(Records drawn from a dataset)
# # # #
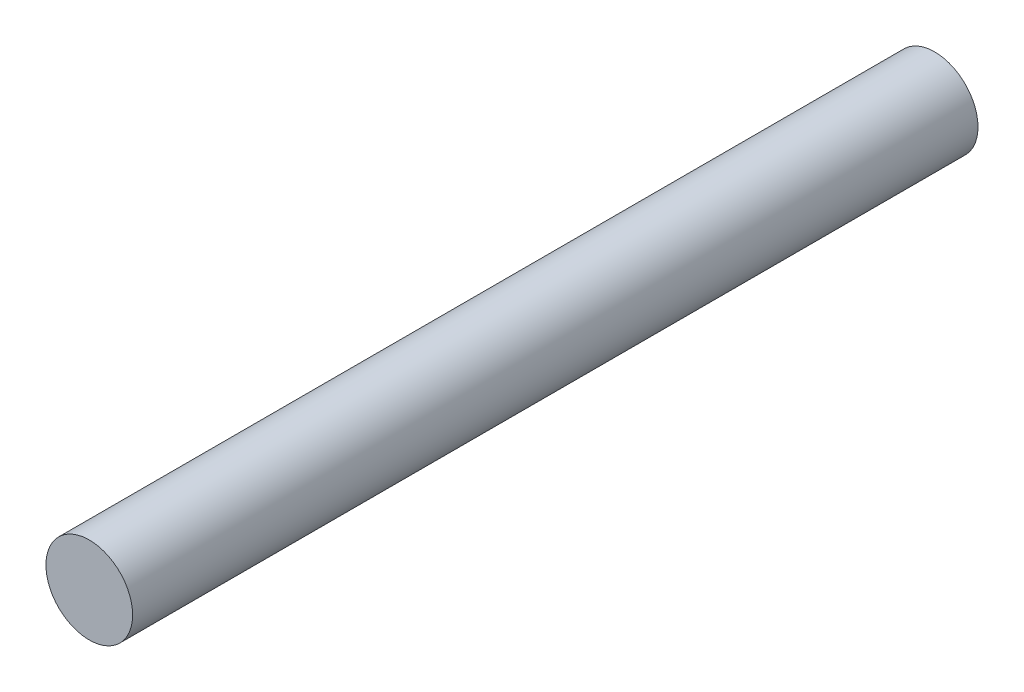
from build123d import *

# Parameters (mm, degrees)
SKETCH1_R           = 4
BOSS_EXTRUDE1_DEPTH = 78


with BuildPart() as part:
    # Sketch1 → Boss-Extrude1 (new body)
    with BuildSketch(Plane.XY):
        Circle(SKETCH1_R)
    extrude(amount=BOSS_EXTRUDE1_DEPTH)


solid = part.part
# # # #
▸ Task requirements
Copy the entries above verbatim. Pictures do not belong in the copy.

▸ The answer
from build123d import *

# Parameters (mm, degrees)
SKETCH1_R           = 4
BOSS_EXTRUDE1_DEPTH = 78


with BuildPart() as part:
    # Sketch1 → Boss-Extrude1 (new body)
    with BuildSketch(Plane.XY):
        Circle(SKETCH1_R)
    extrude(amount=BOSS_EXTRUDE1_DEPTH)


solid = part.part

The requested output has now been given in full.